After entering the shop, I let my eyes adjust to the gloom. I saw shelf after shelf filled with items on display, arranged in no order that I could discern: used spell books, fat leather-bound volumes as well as the more compact paperback editions; bone china hors d’oeuvre plates and entertainment sets for coven get-togethers; a Maltese falcon with a price so ridiculously high that I didn’t dare touch it; next to it, a shriveled and curled monkey’s paw that was marked down at a discount: Special Offer This Week: Only One Wish Left.

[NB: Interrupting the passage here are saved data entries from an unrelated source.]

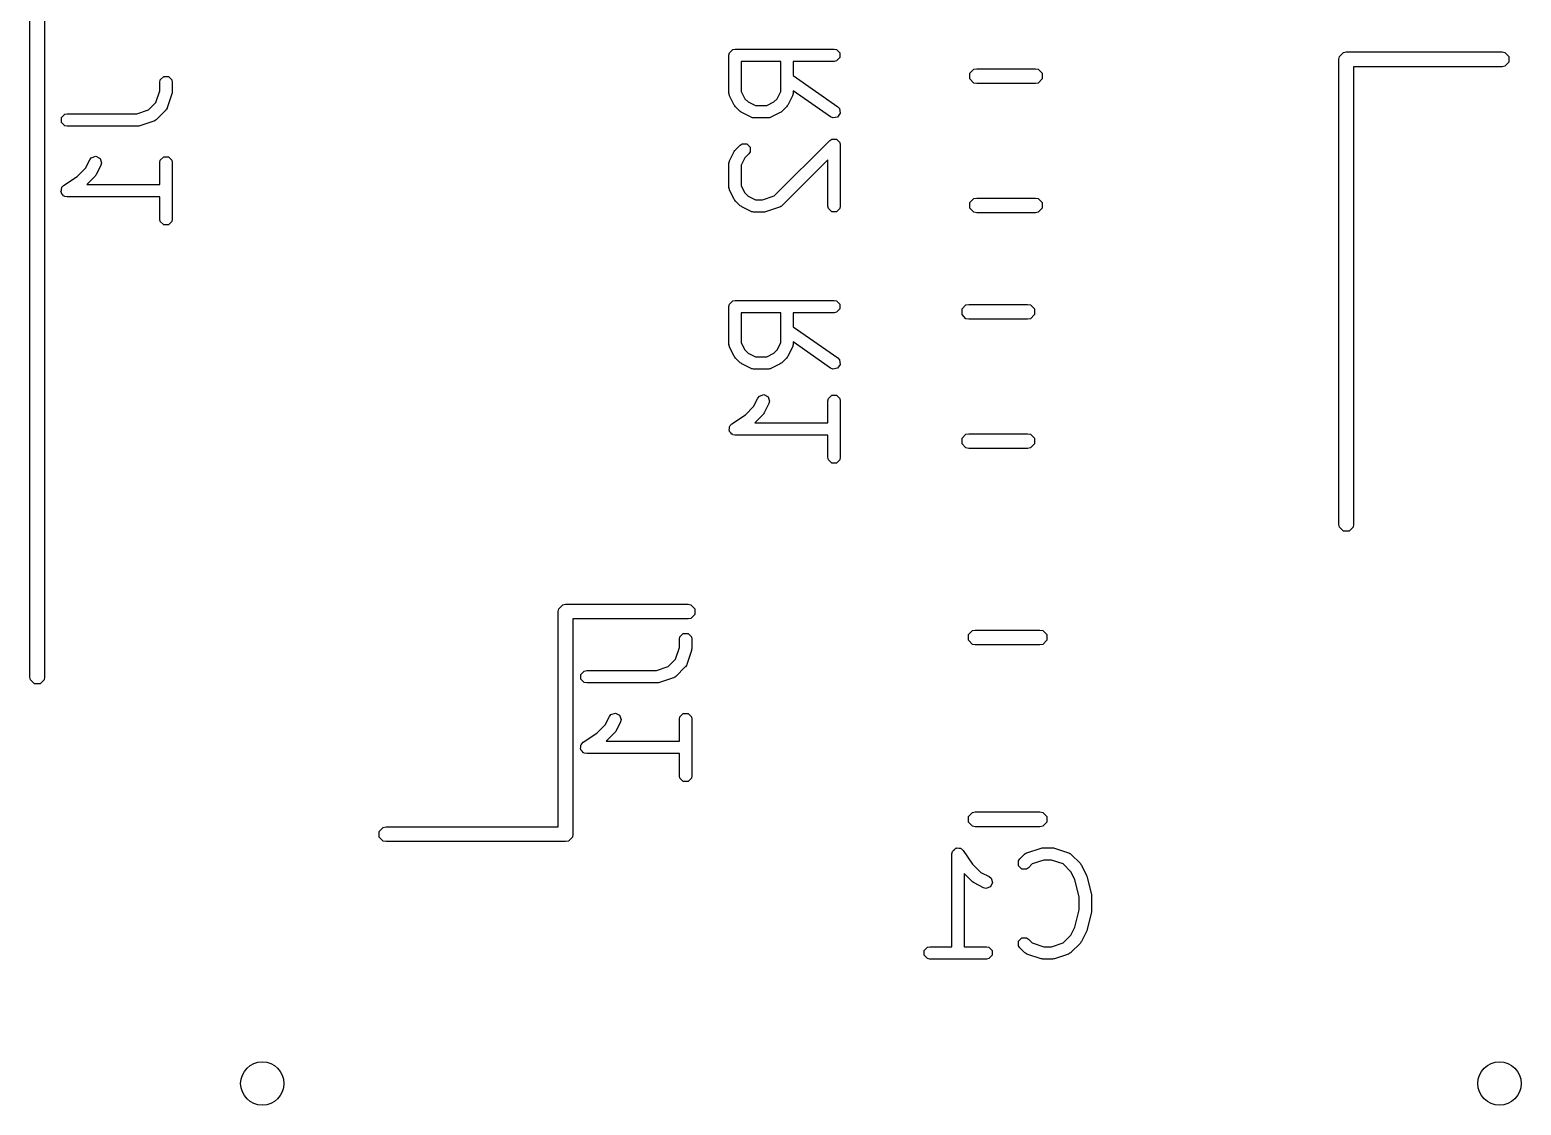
# Model space of a CAD drawing. Extents: x 4.95 to 7.04, y -4.14 to -2.94.
# Drawn here: x 4.9631 to 5.4377, y -4.1376 to -3.7954 of the extents above; entities that cross this region are included whole.
import ezdxf

# ---------------------------------------------------------------- set-up
doc = ezdxf.new("R2010")
doc.units = 0
doc.header["$MEASUREMENT"] = 0
doc.layers.add('BLACK', color=7, linetype='CONTINUOUS')

msp = doc.modelspace()

# ---------------------------------------------------------------- linework, layer by layer
at = {"layer": 'BLACK', "linetype": 'CONTINUOUS'}
for p, q in [((4.96315, -4.00142), (4.96315, -3.66953)), ((4.96787, -3.66953), (4.96787, -4.00142)), ((5.18563, -3.80352), (5.18578, -3.80277)), ((5.18563, -3.81552), (5.18563, -3.80352)), ((5.18578, -3.80277), (5.18684, -3.80171)), ((5.18684, -3.80171), (5.18759, -3.80156)), ((5.18759, -3.80156), (5.21909, -3.80156)), ((5.20212, -3.80549), (5.18956, -3.80549)), ((5.18956, -3.80549), (5.18956, -3.81506)), ((5.20212, -3.81506), (5.20212, -3.80549)), ((5.21909, -3.80549), (5.20606, -3.80549)), ((5.20606, -3.80549), (5.20606, -3.81)), ((5.21909, -3.80156), (5.21984, -3.80171)), ((5.21984, -3.80534), (5.21909, -3.80549)), ((5.21984, -3.80171), (5.22091, -3.80277)), ((5.22091, -3.80428), (5.21984, -3.80534)), ((5.22091, -3.80277), (5.22091, -3.80428)), ((5.37969, -3.8048), (5.37986, -3.8039)), ((5.37969, -3.95283), (5.37969, -3.8048)), ((5.37986, -3.8039), (5.38114, -3.80262)), ((5.38114, -3.80262), (5.38205, -3.80244)), ((5.38205, -3.80244), (5.43165, -3.80244)), ((5.43165, -3.80244), (5.43256, -3.80262)), ((5.43256, -3.80262), (5.43384, -3.8039)), ((5.43384, -3.80571), (5.43256, -3.80699)), ((5.43384, -3.8039), (5.43384, -3.80571)), ((5.00467, -3.8114), (5.00574, -3.81033)), ((5.00574, -3.81033), (5.00725, -3.81033)), ((5.00725, -3.81033), (5.00831, -3.8114)), ((5.20606, -3.81), (5.22022, -3.81991)), ((5.2623, -3.80927), (5.26357, -3.80799)), ((5.2623, -3.81108), (5.2623, -3.80927)), ((5.26357, -3.80799), (5.26448, -3.80781)), ((5.26448, -3.80781), (5.28316, -3.80781)), ((5.28316, -3.80781), (5.28406, -3.80799)), ((5.28406, -3.80799), (5.28534, -3.80927)), ((5.28534, -3.80927), (5.28534, -3.81108)), ((5.43165, -3.80717), (5.38441, -3.80717)), ((5.38441, -3.80717), (5.38441, -3.95283)), ((5.43256, -3.80699), (5.43165, -3.80717)), ((5.00327, -3.81858), (5.00452, -3.81483)), ((5.00452, -3.81215), (5.00467, -3.8114)), ((5.00452, -3.81483), (5.00452, -3.81215)), ((5.00831, -3.8114), (5.00846, -3.81215)), ((5.0084, -3.81546), (5.00836, -3.81577)), ((5.00846, -3.81515), (5.0084, -3.81546)), ((5.00846, -3.81215), (5.00846, -3.81515)), ((5.18956, -3.81506), (5.19071, -3.81736)), ((5.20097, -3.81736), (5.20212, -3.81506)), ((5.21796, -3.82313), (5.20606, -3.8148)), ((5.20606, -3.8148), (5.20606, -3.81552)), ((5.26357, -3.81236), (5.2623, -3.81108)), ((5.26448, -3.81254), (5.26357, -3.81236)), ((5.28316, -3.81254), (5.26448, -3.81254)), ((5.28406, -3.81236), (5.28316, -3.81254)), ((5.28534, -3.81108), (5.28406, -3.81236)), ((5.00093, -3.82093), (5.00327, -3.81858)), ((5.00836, -3.81577), (5.00686, -3.82027)), ((5.18565, -3.81562), (5.18563, -3.81552)), ((5.18563, -3.81566), (5.18565, -3.81562)), ((5.18571, -3.81597), (5.18563, -3.81566)), ((5.18578, -3.81628), (5.18571, -3.81597)), ((5.18581, -3.81631), (5.18578, -3.81628)), ((5.18583, -3.8164), (5.18581, -3.81631)), ((5.18733, -3.8194), (5.18583, -3.8164)), ((5.18753, -3.81965), (5.18733, -3.8194)), ((5.1877, -3.81991), (5.18753, -3.81965)), ((5.1892, -3.82141), (5.1877, -3.81991)), ((5.19071, -3.81736), (5.19176, -3.8184)), ((5.19176, -3.8184), (5.19406, -3.81955)), ((5.19406, -3.81955), (5.19763, -3.81955)), ((5.19763, -3.81955), (5.19993, -3.8184)), ((5.19993, -3.8184), (5.20097, -3.81736)), ((5.20398, -3.81991), (5.20248, -3.82141)), ((5.20416, -3.81965), (5.20398, -3.81991)), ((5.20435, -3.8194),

There were racks of moldering o
ld clothes and a jewelry case filled with fashionable rings, necklaces, brooches, and bracelets. Zombies and vampires fresh from the grave often found themselves in a tight financial spot, forced to pawn the jewelry and clothes in which they’d been buried for seed money to start a new unlife. Timeworn Treasures was one of the places they went.
Propped on a high wooden stool behind a chicken-wire barrier sat the gremlin proprietor. He was only about three feet tall, average size for a gremlin, with tiny teeth, a pinched face, and tufts of fur in all the wrong places. He was not a member of the silly fictional species that you weren’t supposed to feed after midnight. This guy was an old-school gremlin, the type that liked to hitchhike aboard planes and rip the cowlings off engines or punch holes through wings. After strict airline safety regulations made such mischief a thing of the past, the gremlin had found himself a new career as a pawnbroker.
“How can I help you?” he asked, his voice nasal, his words blurred at the edges as if his lips and tongue were still fighting off the effect of a dentist’s anesthesia. “Looking for anything in particular?”
Not bothering to look at more shelves of what the gremlin classified as “timeworn treasures,” I fished out my business card. “Actually, I want to see you. Dan Chambeaux from Chambeaux and Deyer Investigations. A client asked me to make inquiries on his behalf.”
With small, clawed fingers, the gremlin reached through a gap in the chicken wire, took the business card, and perused it with yellow slitted eyes. He made a gurgling rumble in his throat, halfway between a purr and a growl. I didn’t think it was an indication of anger or displeasure, just the fact that he was congested.
He scootched his butt on the small chair, and I could see that his little legs dangled high above the floor and he wore no shoes on his furry feet. He set the card down, as if unimpressed, made a coughing harrumph, then picked up a dirty rag, dabbed it in a jar of silver polish, and began vigorously rubbing an inscribed silver chalice along with its accompanying silver-handled sacrificial dagger. Around him, other silver objects gleamed. Though the gremlin was little, he had bulging biceps, probably from vigorous and constant polishing.